=== Exercise ===
Where the records below begin, start copying, and stop after the line that contains "- net N$15: track 10.4 -> 16.8 mm"; reproduce every line exactly but omit pictures.

=== Given data ===

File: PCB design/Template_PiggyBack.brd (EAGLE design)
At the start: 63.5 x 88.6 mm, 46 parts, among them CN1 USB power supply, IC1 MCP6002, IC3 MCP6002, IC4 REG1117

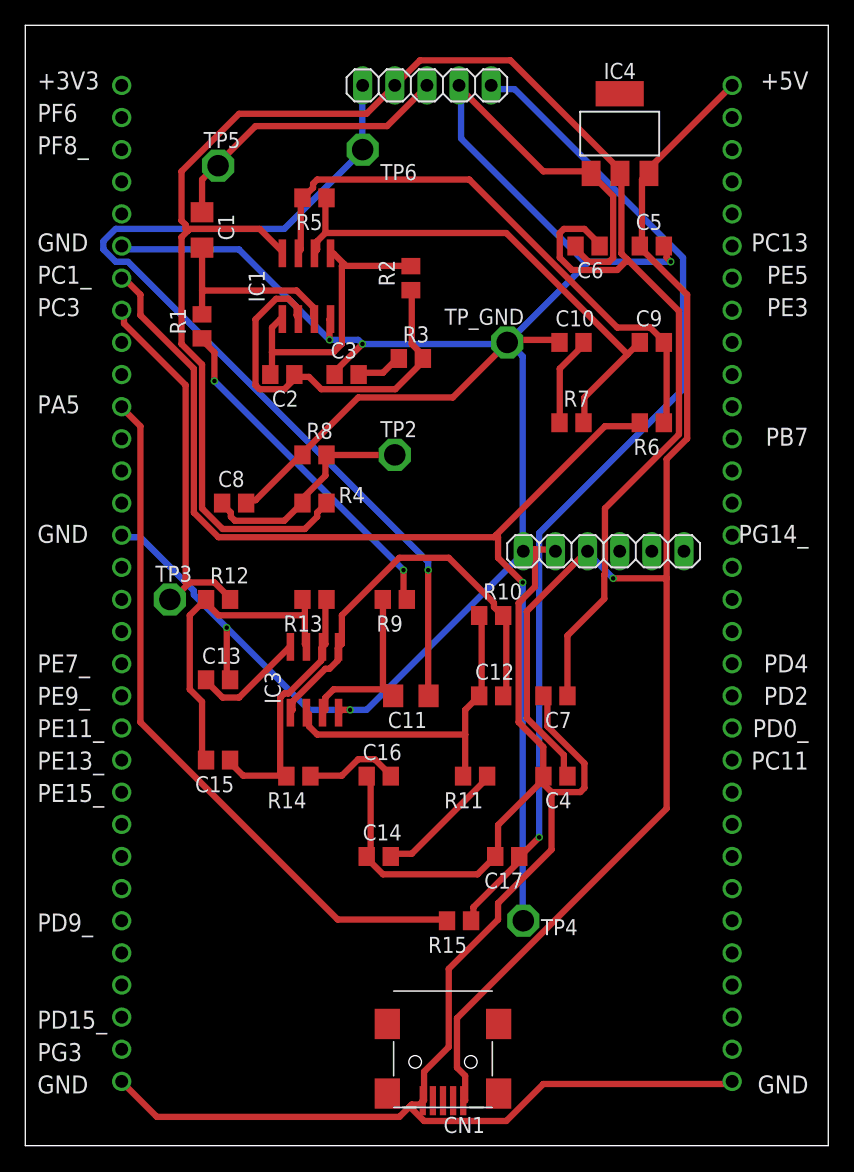
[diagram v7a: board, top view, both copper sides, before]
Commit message: adapted layout according to Rennhard's feedback
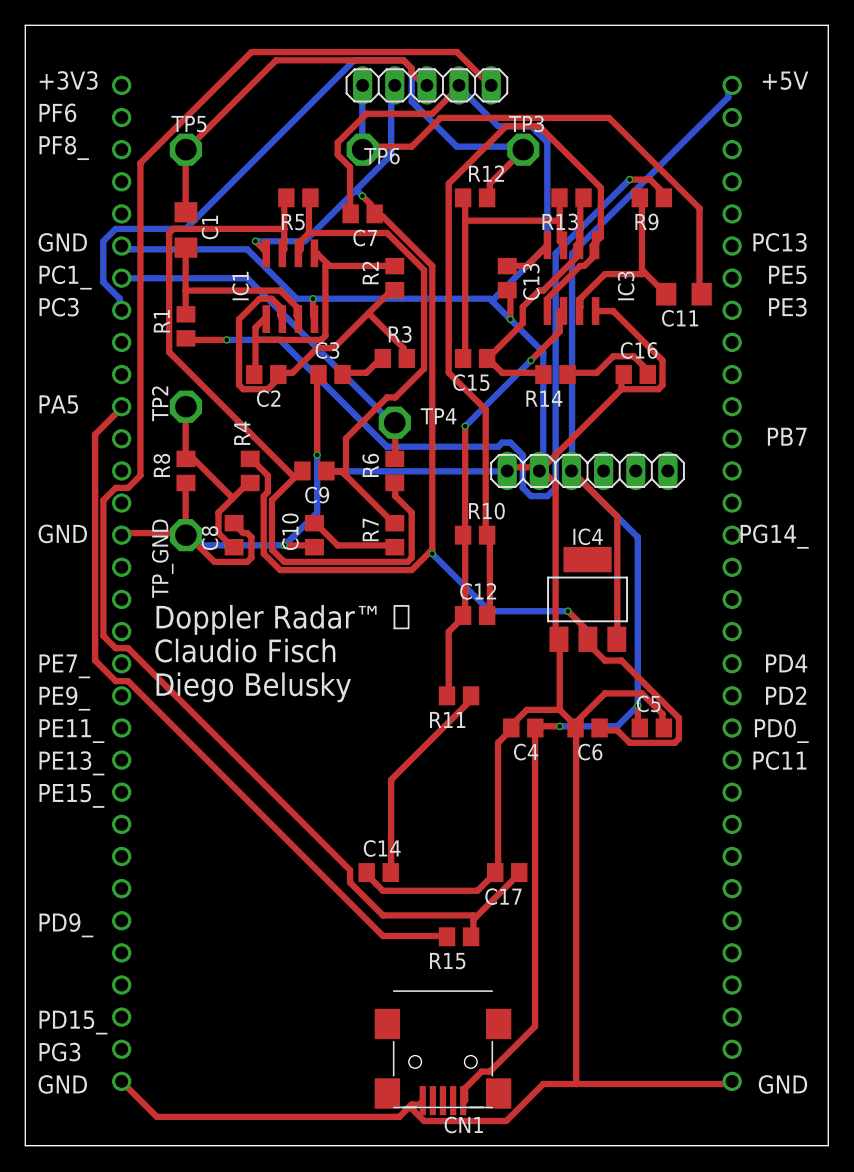
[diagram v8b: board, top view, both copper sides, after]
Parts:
- C4: value 1u -> 100n
- moved TP3 45.2 mm to (39.4, 78.7)
- moved C7 41.0 mm to (26.7, 73.7)
- moved TP4 40.7 mm to (29.2, 57.1), turned to 90 degrees
- moved C13 39.1 mm to (38.1, 68.6), turned to 270 degrees
- moved C11 38.4 mm to (52.1, 67.3)
- moved C5 38.1 mm to (49.5, 33.0)
- moved C6 38.1 mm to (44.5, 33.0)
- moved R12 37.7 mm to (35.6, 74.9)
- moved R13 37.7 mm to (43.2, 74.9)
- moved R9 37.7 mm to (49.5, 74.9)
- moved C16 37.7 mm to (48.3, 61.0)
- moved IC3 37.7 mm to (43.2, 68.6)
- moved R14 37.7 mm to (41.9, 61.0)
- moved C15 37.7 mm to (35.6, 62.2)
- moved IC4 36.9 mm to (44.5, 43.2)
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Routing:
- net PC1_: track 92.2 -> 29.2 mm, vias 1 -> 0
- net +3V3: track 148.9 -> 109.2 mm, vias 0 -> 4
- net V_GND: track 27.5 -> 67.0 mm
- net VCO: track 80.6 -> 117.5 mm, vias 1 -> 0
- net IF_Q: track 75.8 -> 42.5 mm, vias 1 -> 0
- net N$12: track 32.8 -> 63.4 mm
- net PC3: track 29.9 -> 54.7 mm
- net GND: track 336.4 -> 316.7 mm, vias 5 -> 4
- net N$7: track 45.9 -> 62.5 mm
- net N$9: track 27.2 -> 34.6 mm, vias 0 -> 2
- net +5V: track 121.5 -> 114.2 mm, vias 1 -> 2
- net N$15: track 10.4 -> 16.8 mm
- net VCC: track 8.95 -> 3.85 mm
- net IF_I: track 23.5 -> 27.9 mm
- net N$13: track 26.2 -> 24.2 mm
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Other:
- board text added: "Doppler Radar™ 📡 Claudio Fisch Diego Belusky"

=== Solution below ===
File: PCB design/Template_PiggyBack.brd (EAGLE design)
At the start: 63.5 x 88.6 mm, 46 parts, among them CN1 USB power supply, IC1 MCP6002, IC3 MCP6002, IC4 REG1117

[diagram v7a: board, top view, both copper sides, before]
Commit message: adapted layout according to Rennhard's feedback
[diagram v8b: board, top view, both copper sides, after]
Parts:
- C4: value 1u -> 100n
- moved TP3 45.2 mm to (39.4, 78.7)
- moved C7 41.0 mm to (26.7, 73.7)
- moved TP4 40.7 mm to (29.2, 57.1), turned to 90 degrees
- moved C13 39.1 mm to (38.1, 68.6), turned to 270 degrees
- moved C11 38.4 mm to (52.1, 67.3)
- moved C5 38.1 mm to (49.5, 33.0)
- moved C6 38.1 mm to (44.5, 33.0)
- moved R12 37.7 mm to (35.6, 74.9)
- moved R13 37.7 mm to (43.2, 74.9)
- moved R9 37.7 mm to (49.5, 74.9)
- moved C16 37.7 mm to (48.3, 61.0)
- moved IC3 37.7 mm to (43.2, 68.6)
- moved R14 37.7 mm to (41.9, 61.0)
- moved C15 37.7 mm to (35.6, 62.2)
- moved IC4 36.9 mm to (44.5, 43.2)
Routing:
- net PC1_: track 92.2 -> 29.2 mm, vias 1 -> 0
- net +3V3: track 148.9 -> 109.2 mm, vias 0 -> 4
- net V_GND: track 27.5 -> 67.0 mm
- net VCO: track 80.6 -> 117.5 mm, vias 1 -> 0
- net IF_Q: track 75.8 -> 42.5 mm, vias 1 -> 0
- net N$12: track 32.8 -> 63.4 mm
- net PC3: track 29.9 -> 54.7 mm
- net GND: track 336.4 -> 316.7 mm, vias 5 -> 4
- net N$7: track 45.9 -> 62.5 mm
- net N$9: track 27.2 -> 34.6 mm, vias 0 -> 2
- net +5V: track 121.5 -> 114.2 mm, vias 1 -> 2
- net N$15: track 10.4 -> 16.8 mm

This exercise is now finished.